- What is required -
Repeat exactly the lines running from the first line of the data to the line containing "layer by layer", both ends included, and nothing else; drop the pictures.

- Supplied information -
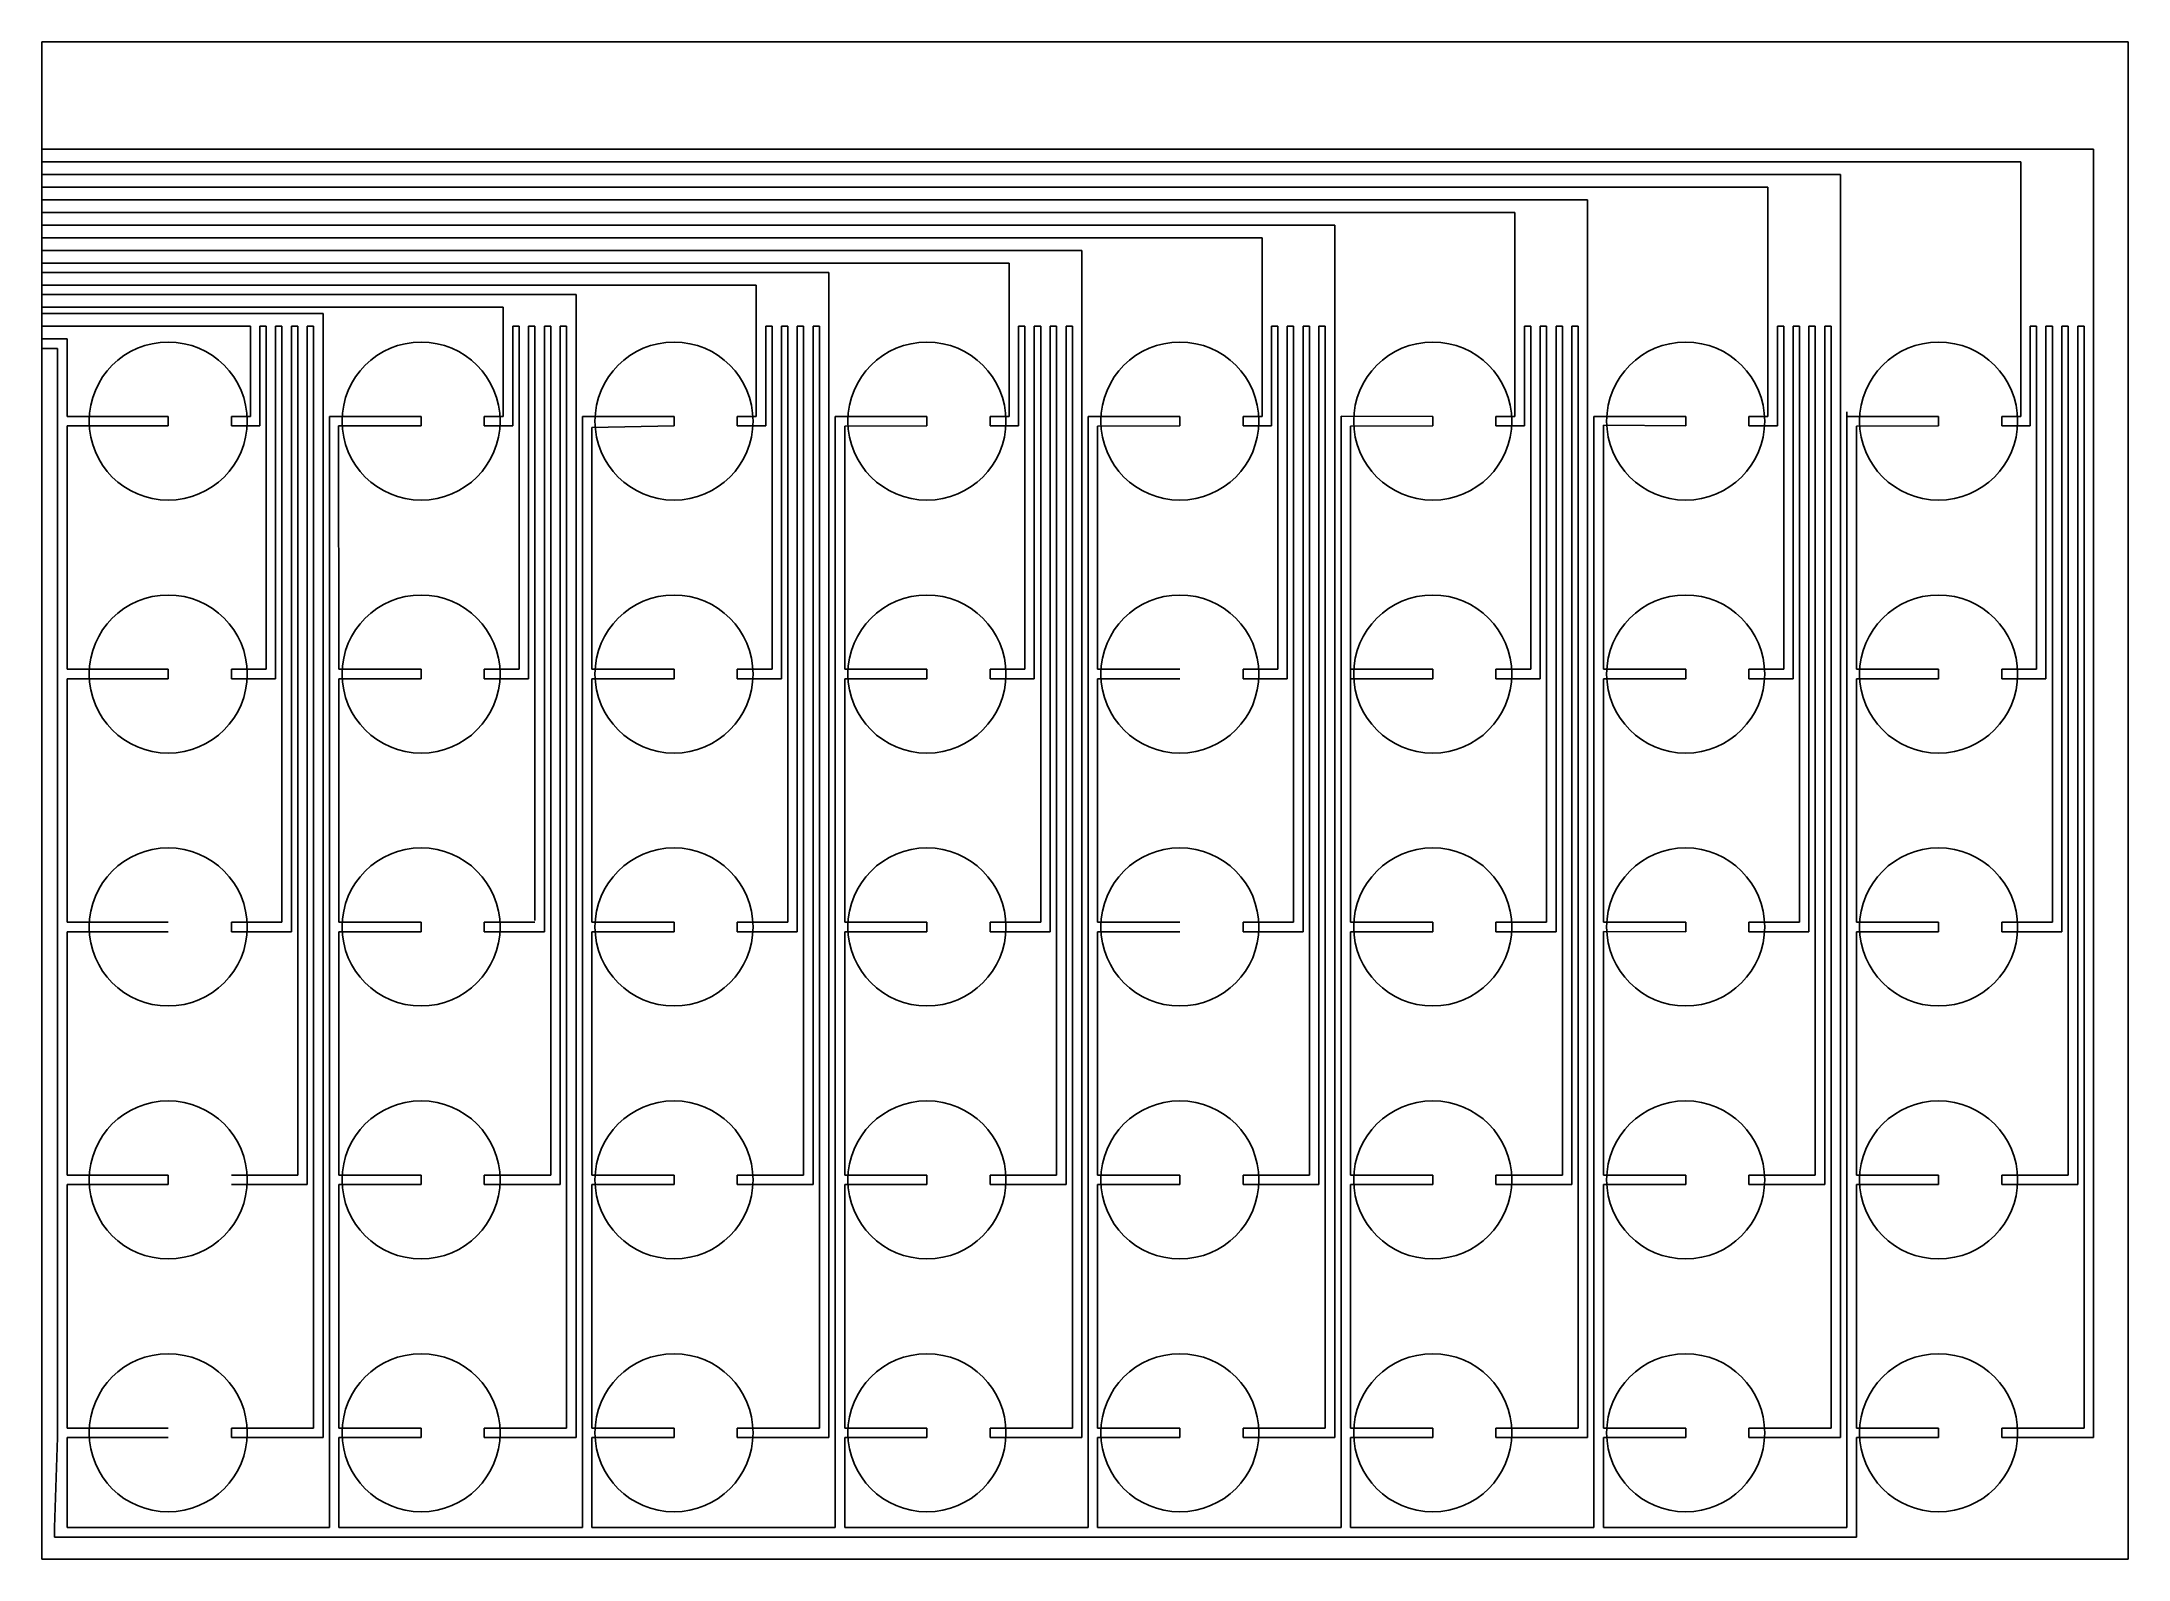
# Model space of a CAD drawing. Header units: centimetres. Extents: x 0 to 33, y 0 to 24.
import ezdxf

# ---------------------------------------------------------------- set-up
doc = ezdxf.new("R2010")
doc.units = ezdxf.units.CM
doc.layers.get('0').update_dxf_attribs({"linetype": 'CONTINUOUS'})

msp = doc.modelspace()

# ---------------------------------------------------------------- linework, layer by layer
for p, q in [((0, 24), (0, 0)), ((33, 24), (0, 24)), ((33, 0), (33, 24)), ((32.45, 22.3), (0, 22.3)), ((32.45, 19.5), (32.45, 22.3)), ((31.3, 22.1), (0, 22.1)), ((28.45, 21.9), (0, 21.9)), ((28.45, 19.5), (28.45, 21.9)), ((31.3, 19.5), (31.3, 22.1)), ((27.3, 21.7), (0, 21.7)), ((24.45, 21.5), (0, 21.5)), ((24.45, 19.5), (24.45, 21.5)), ((27.3, 19.5), (27.3, 21.7)), ((23.3, 21.3), (0, 21.3)), ((23.3, 19.5), (23.3, 21.3)), ((20.45, 21.1), (0, 21.1)), ((19.3, 20.9), (0, 20.9)), ((19.3, 19.5), (19.3, 20.9)), ((20.45, 19.5), (20.45, 21.1)), ((16.45, 20.7), (0, 20.7)), ((15.3, 20.5), (0, 20.5)), ((15.3, 19.5), (15.3, 20.5)), ((16.45, 19.5), (16.45, 20.7)), ((12.45, 20.35), (0, 20.35)), ((11.3, 20.15), (0, 20.15)), ((11.3, 19.5), (11.3, 20.15)), ((12.45, 19.5), (12.45, 20.35)), ((8.45, 20), (0, 20)), ((7.3, 19.8), (0, 19.8)), ((7.3, 19.5), (7.3, 19.8)), ((8.45, 19.5), (8.45, 20)), ((4.45, 19.7), (0, 19.7)), ((3.3, 19.5), (0, 19.5)), ((3.3, 18.075), (3.3, 19.5)), ((3.45, 17.925), (3.45, 19.5)), ((3.55, 19.5), (3.45, 19.5)), ((3.55, 14.075), (3.55, 19.5)), ((3.8, 19.5), (3.698, 19.5)), ((3.698, 13.925), (3.698, 19.5)), ((3.8, 13.925), (3.8, 19.5)), ((4.05, 19.5), (3.95, 19.5)), ((3.95, 9.925), (3.95, 19.5)), ((4.05, 6.075), (4.05, 19.5)), ((4.3, 19.5), (4.2, 19.5)), ((4.2, 19.5), (4.2, 5.925)), ((4.3, 19.5), (4.3, 2.075)), ((4.45, 19.5), (4.45, 19.7)), ((4.45, 1.925), (4.45, 19.5)), ((7.3, 18.075), (7.3, 19.5)), ((7.45, 19.5), (7.55, 19.5)), ((7.45, 17.925), (7.45, 19.5)), ((7.55, 14.075), (7.55, 19.5)), ((7.698, 19.5), (7.8, 19.5)), ((7.698, 13.925), (7.698, 19.5)), ((7.8, 13.925), (7.8, 19.5)), ((7.95, 19.5), (8.05, 19.5)), ((7.95, 9.925), (7.95, 19.5)), ((8.05, 6.075), (8.05, 19.5)), ((8.2, 19.5), (8.2, 5.925)), ((8.3, 19.5), (8.2, 19.5)), ((8.3, 19.5), (8.3, 2.075)), ((8.45, 1.925), (8.45, 19.5)), ((11.3, 18.075), (11.3, 19.5)), ((11.45, 17.925), (11.45, 19.5)), ((11.45, 19.5), (11.55, 19.5)), ((11.55, 14.075), (11.55, 19.5)), ((11.698, 13.925), (11.698, 19.5)), ((11.698, 19.5), (11.8, 19.5)), ((11.8, 13.925), (11.8, 19.5)), ((11.95, 9.925), (11.95, 19.5)), ((11.95, 19.5), (12.05, 19.5)), ((12.05, 6.075), (12.05, 19.5)), ((12.2, 19.5), (12.2, 5.925)), ((12.3, 19.5), (12.2, 19.5)), ((12.3, 19.5), (12.3, 2.075)), ((12.45, 1.925), (12.45, 19.5)), ((15.3, 18.075), (15.3, 19.5)), ((15.45, 17.925), (15.45, 19.5)), ((15.45, 19.5), (15.55, 19.5)), ((15.55, 14.075), (15.55, 19.5)), ((15.698, 19.5), (15.8, 19.5)), ((15.698, 13.925), (15.698, 19.5)), ((15.8, 13.925), (15.8, 19.5)), ((15.95, 19.5), (16.05, 19.5)), ((15.95, 9.925), (15.95, 19.5)), ((16.05, 6.075), (16.05, 19.5)), ((16.2, 19.5), (16.3, 19.5)), ((16.2, 19.5), (16.2, 5.925)), ((16.3, 19.5), (16.3, 2.075)), ((16.45, 1.925), (16.45, 19.5)), ((19.3, 18.075), (19.3, 19.5)), ((19.45, 17.925), (19.45, 19.5)), ((19.45, 19.5), (19.55, 19.5)), ((19.55, 14.075), (19.55, 19.5)), ((19.698, 13.925), (19.698, 19.5)), ((19.698, 19.5), (19.8, 19.5)), ((19.8, 13.925), (19.8, 19.5)), ((19.95, 9.925), (19.95, 19.5)), ((19.95, 19.5), (20.05, 19.5)), ((20.05, 6.075), (20.05, 19.5)), ((20.2, 19.5), (20.2, 5.925)), ((20.2, 19.5), (20.3, 19.5)), ((20.3, 19.5), (20.3, 2.075)), ((20.45, 1.925), (20.45, 19.5)), ((23.3, 18.075), (23.3, 19.5)), ((23.45, 17.925), (23.45, 19.5)), ((23.45, 19.5), (23.55, 19.5)), ((23.55, 14.075), (23.55, 19.5)), ((23.698, 19.5), (23.8, 19.5)), ((23.698, 13.925), (23.698, 19.5)), ((23.8, 13.925), (23.8, 19.5)), ((23.95, 19.5), (24.05, 19.5)), ((23.95, 9.925), (23.95, 19.5)), ((24.05, 6.075), (24.05, 19.5)), ((24.2, 19.5), (24.3, 19.5)), ((24.2, 19.5), (24.2, 5.925)), ((24.3, 19.5), (24.3, 2.075)), ((24.45, 1.925), (24.45, 19.5)), ((27.3, 18.075), (27.3, 19.5)), ((27.45, 17.925), (27.45, 19.5)), ((27.45, 19.5), (27.55, 19.5)), ((27.55, 14.075), (27.55, 19.5)), ((27.698, 19.5), (27.8, 19.5)), ((27.698, 13.925), (27.698, 19.5)), ((27.8, 13.925), (27.8, 19.5)), ((27.95, 19.5), (28.05, 19.5)), ((27.95, 9.925), (27.95, 19.5)), ((28.05, 6.075), (28.05, 19.5)), ((28.2, 19.5), (28.3, 19.5)), ((28.2, 19.5), (28.2, 5.925)), ((28.3, 19.5), (28.3, 2.075)), ((28.45, 1.925), (28.45, 19.5)), ((31.3, 18.075), (31.3, 19.5)), ((31.45, 19.5), (31.55, 19.5)), ((31.45, 17.925), (31.45, 19.5)), ((31.55, 14.075), (31.55, 19.5)), ((31.698, 19.5), (31.8, 19.5)), ((31.698, 13.925), (31.698, 19.5)), ((31.8, 13.925), (31.8, 19.5)), ((31.95, 19.5), (32.05, 19.5)), ((31.95, 9.925), (31.95, 19.5)), ((32.05, 6.075), (32.05, 19.5)), ((32.2, 19.5), (32.3, 19.5)), ((32.2, 19.5), (32.2, 5.925)), ((32.3, 19.5), (32.3, 2.075)), ((32.45, 1.925), (32.45, 19.5)), ((0.4, 19.3), (0, 19.3)), ((0.25, 19.15), (0, 19.15)), ((0.25, 1.925), (0.25, 19.15)), ((0.4, 18.075), (0.4, 19.3)), ((2, 18.075), (0.4, 18.075)), ((2, 17.925), (0.4, 17.925)), ((0.4, 14.075), (0.4, 17.925)), ((2, 18), (2, 18.075)), ((2, 18), (2, 17.925)), ((3, 18.075), (3.3, 18.075)), ((3, 18), (3, 18.075)), ((3, 18), (3, 17.925)), ((3, 17.925), (3.45, 17.925)), ((4.55, 2.075), (4.55, 18.075)), ((4.55, 18.075), (6, 18.075)), ((6, 17.925), (4.696, 17.925)), ((4.696, 17.925), (4.697, 14.075)), ((6, 18), (6, 18.075)), ((6, 18), (6, 17.925)), ((7, 18.075), (7.3, 18.075)), ((7, 18), (7, 18.075)), ((7, 18), (7, 17.925)), ((7, 17.925), (7.45, 17.925)), ((8.55, 18.075), (8.55, 2.075)), ((10, 18.075), (8.55, 18.075)), ((8.7, 17.9), (10, 17.925)), ((8.7, 17.9), (8.7, 14.075)), ((10, 18), (10, 18.075)), ((10, 18), (10, 17.925)), ((11, 18.075), (11.3, 18.075)), ((11, 18), (11, 18.075)), ((11, 18), (11, 17.925)), ((11, 17.925), (11.45, 17.925)), ((12.55, 18.075), (12.55, 2.075)), ((12.7, 18.075), (12.55, 18.075)), ((14, 18.075), (12.7, 18.075)), ((12.7, 17.922), (14, 17.925)), ((12.7, 17.922), (12.7, 14.075)), ((14, 18), (14, 18.075)), ((14, 18), (14, 17.925)), ((15, 18.075), (15.3, 18.075)), ((15, 18), (15, 18.075)), ((15, 18), (15, 17.925)), ((15, 17.925), (15.45, 17.925)), ((16.55, 18.075), (16.7, 18.075)), ((16.55, 2.075), (16.55, 18.075)), ((18, 18.075), (16.7, 18.075)), ((16.7, 17.921), (18, 17.925)), ((16.7, 17.921), (16.7, 14.075)), ((18, 18), (18, 18.075)), ((18, 18), (18, 17.925)), ((19, 18), (19, 18.075)), ((19, 18.075), (19.3, 18.075)), ((19, 18), (19, 17.925)), ((19, 17.925), (19.45, 17.925)), ((20.55, 2.075), (20.55, 18.08)), ((20.55, 18.08), (22, 18.075)), ((20.7, 17.922), (22, 17.925)), ((20.7, 17.922), (20.7, 14.075)), ((22, 18), (22, 18.075)), ((22, 18), (22, 17.925)), ((23, 18), (23, 18.075)), ((23, 18.075), (23.3, 18.075)), ((23, 18), (23, 17.925)), ((23, 17.925), (23.45, 17.925)), ((24.7, 18.075), (24.55, 18.075)), ((24.55, 18.075), (24.55, 2.075)), ((24.7, 18.075), (26, 18.075)), ((24.7, 17.934), (26, 17.925)), ((24.7, 14.075), (24.7, 17.934)), ((26, 18), (26, 18.075)), ((26, 18), (26, 17.925)), ((27, 18), (27, 18.075)), ((27, 18.075), (27.3, 18.075)), ((27, 18), (27, 17.925)), ((27, 17.925), (27.45, 17.925)), ((28.55, 2.075), (28.55, 18.145)), ((28.7, 18.075), (28.55, 18.075)), ((30, 18.075), (28.7, 18.075)), ((28.7, 17.921), (30, 17.925)), ((28.7, 17.921), (28.7, 14.075)), ((30, 18), (30, 18.075)), ((30, 18), (30, 17.925)), ((31, 18.075), (31.3, 18.075)), ((31, 18), (31, 18.075)), ((31, 18), (31, 17.925)), ((31, 17.925), (31.45, 17.925)), ((2, 14.075), (0.4, 14.075)), ((0.4, 10.075), (0.4, 13.925)), ((2, 13.925), (0.4, 13.925)), ((2, 14), (2, 14.075)), ((2, 14), (2, 13.925)), ((3, 14.075), (3.3, 14.075)), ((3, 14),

- Exercise response -
# Model space of a CAD drawing. Header units: centimetres. Extents: x 0 to 33, y 0 to 24.
import ezdxf

# ---------------------------------------------------------------- set-up
doc = ezdxf.new("R2010")
doc.units = ezdxf.units.CM
doc.layers.get('0').update_dxf_attribs({"linetype": 'CONTINUOUS'})

msp = doc.modelspace()

# ---------------------------------------------------------------- linework, layer by layer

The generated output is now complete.